In a publication titled Women Ordination and Church of Nigeria Anglican Communion, the position of the Anglican Church is clearly stated:

  • The faith and order of the Anglican Communion are the faith and order of the Church Catholic. We have no authority to change that order by admitting women to the episcopate and priesthood without a consensus of historic Christendom.
  • The sexuality of Jesus is no accident; it is the flesh of his incarnation by God’s own act. This male image is continued by Christ’s choice of male apostles, and their choice of apostolic men to succeed them. This cannot be dismissed as “cultural conditioning” without disparaging the Jewishness of Jesus.
  • The persisting tradition of two thousand years in church order reveals the mind of the Spirit for the future of the ministry of the church.
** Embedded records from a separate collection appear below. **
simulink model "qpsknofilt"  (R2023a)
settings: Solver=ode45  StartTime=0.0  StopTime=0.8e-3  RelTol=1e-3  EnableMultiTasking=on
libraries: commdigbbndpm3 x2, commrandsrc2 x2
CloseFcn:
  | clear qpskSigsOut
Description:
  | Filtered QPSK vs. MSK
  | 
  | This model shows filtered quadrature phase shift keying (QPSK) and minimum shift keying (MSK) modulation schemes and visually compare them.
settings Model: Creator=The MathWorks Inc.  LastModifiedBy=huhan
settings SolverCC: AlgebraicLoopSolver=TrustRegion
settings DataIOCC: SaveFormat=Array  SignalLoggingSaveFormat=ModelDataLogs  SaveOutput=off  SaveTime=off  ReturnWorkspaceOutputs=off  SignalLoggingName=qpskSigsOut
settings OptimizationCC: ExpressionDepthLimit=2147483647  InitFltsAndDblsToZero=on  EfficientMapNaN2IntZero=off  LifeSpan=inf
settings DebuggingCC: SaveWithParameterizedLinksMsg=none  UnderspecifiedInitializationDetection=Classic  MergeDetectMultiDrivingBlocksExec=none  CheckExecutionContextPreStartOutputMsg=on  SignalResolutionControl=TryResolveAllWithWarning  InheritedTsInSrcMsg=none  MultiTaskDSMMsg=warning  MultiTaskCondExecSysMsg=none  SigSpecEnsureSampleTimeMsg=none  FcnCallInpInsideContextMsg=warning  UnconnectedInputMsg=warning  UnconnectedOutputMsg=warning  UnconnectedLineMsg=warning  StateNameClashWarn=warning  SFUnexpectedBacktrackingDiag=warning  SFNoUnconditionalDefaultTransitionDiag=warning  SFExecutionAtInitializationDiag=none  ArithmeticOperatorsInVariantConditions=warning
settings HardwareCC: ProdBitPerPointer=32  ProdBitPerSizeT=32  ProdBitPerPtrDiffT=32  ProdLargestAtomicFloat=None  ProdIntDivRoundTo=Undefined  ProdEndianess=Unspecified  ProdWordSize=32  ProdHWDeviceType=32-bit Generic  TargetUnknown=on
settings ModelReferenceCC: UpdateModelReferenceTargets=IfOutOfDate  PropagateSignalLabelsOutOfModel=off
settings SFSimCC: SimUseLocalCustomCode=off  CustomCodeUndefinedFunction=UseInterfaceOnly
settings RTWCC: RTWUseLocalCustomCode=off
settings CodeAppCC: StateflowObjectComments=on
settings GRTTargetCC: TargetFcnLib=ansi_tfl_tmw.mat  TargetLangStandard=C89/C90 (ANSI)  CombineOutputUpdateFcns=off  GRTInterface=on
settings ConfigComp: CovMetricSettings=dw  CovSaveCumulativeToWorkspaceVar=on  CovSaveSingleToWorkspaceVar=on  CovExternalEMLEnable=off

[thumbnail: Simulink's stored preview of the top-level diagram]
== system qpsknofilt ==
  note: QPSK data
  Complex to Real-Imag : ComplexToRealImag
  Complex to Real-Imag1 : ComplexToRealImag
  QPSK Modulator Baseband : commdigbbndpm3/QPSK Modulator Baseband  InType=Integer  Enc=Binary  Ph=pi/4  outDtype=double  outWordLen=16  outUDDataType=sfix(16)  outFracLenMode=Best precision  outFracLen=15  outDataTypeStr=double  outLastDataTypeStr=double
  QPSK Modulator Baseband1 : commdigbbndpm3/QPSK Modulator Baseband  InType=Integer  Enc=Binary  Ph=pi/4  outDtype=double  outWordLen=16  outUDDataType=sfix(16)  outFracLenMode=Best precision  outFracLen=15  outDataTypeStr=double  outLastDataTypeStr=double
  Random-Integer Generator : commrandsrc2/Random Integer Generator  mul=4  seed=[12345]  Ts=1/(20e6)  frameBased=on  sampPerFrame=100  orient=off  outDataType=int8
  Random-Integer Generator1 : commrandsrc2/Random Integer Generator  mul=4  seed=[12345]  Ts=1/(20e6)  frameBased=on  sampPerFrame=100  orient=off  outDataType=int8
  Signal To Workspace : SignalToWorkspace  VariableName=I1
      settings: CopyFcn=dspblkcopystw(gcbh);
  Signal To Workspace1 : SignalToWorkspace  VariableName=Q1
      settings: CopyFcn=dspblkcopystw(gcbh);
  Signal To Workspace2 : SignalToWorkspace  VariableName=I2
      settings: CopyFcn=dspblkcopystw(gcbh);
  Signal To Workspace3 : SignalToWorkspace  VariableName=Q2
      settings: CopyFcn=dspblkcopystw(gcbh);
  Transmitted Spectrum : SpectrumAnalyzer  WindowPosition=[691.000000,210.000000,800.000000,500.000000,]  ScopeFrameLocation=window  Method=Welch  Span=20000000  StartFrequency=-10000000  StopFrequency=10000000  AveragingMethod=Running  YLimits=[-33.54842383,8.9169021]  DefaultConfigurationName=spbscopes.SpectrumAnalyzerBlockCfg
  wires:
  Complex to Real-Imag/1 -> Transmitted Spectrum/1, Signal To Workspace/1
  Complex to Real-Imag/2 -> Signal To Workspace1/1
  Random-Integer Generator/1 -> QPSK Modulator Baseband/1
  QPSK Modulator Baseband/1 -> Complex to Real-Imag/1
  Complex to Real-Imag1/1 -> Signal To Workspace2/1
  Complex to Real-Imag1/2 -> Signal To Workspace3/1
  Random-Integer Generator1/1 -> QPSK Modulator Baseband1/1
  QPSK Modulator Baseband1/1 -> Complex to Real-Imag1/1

Christian priesthood has consistently been male through cultures of varying sexual patterns. To obey the Spirit, we must be faithful to this history.
  • The priests of the church have no priesthood of their own; they participate in Christ’s priesthood. Ordination is a gift of the Holy Spirit which bestows this participation. It is not the creation of the church to do with as it will. It is to be given only to those congruous with the example of Jesus Christ, the authority of Holy Scriptures and the witness of Christian tradition. There is no right to priesthood.
  • If women ordination is allowed in the Church of Nigeria Anglican Communion, it will make the priesthood office a family affair, and that will cause a split and a lot conflict in the Church.
  • With the uncertainty of the stand of Church of Nigeria and divergence of perception and opinion, if the Church of Nigeria through her leadership approves the ordination of women as priest, definitely it will erupt serious conflict in that some will quickly ordain women, while others will threaten to pull out or even breakaway from Church of Nigeria in disagreement; because it might result also to bishops ordaining their wives with other discrepancies in order to get the Bishopric throne. It will chaotic and serious conflict will be the end point.

In summary, the issue of women ordination in the Church of Nigeria (Anglican Communion) is a conflicting process since many are on the opposing side and others on the proposing side, thus, the issue has not been brought to a definite conclusion up till now, as it is placed on hold till further deliberations and conclusion.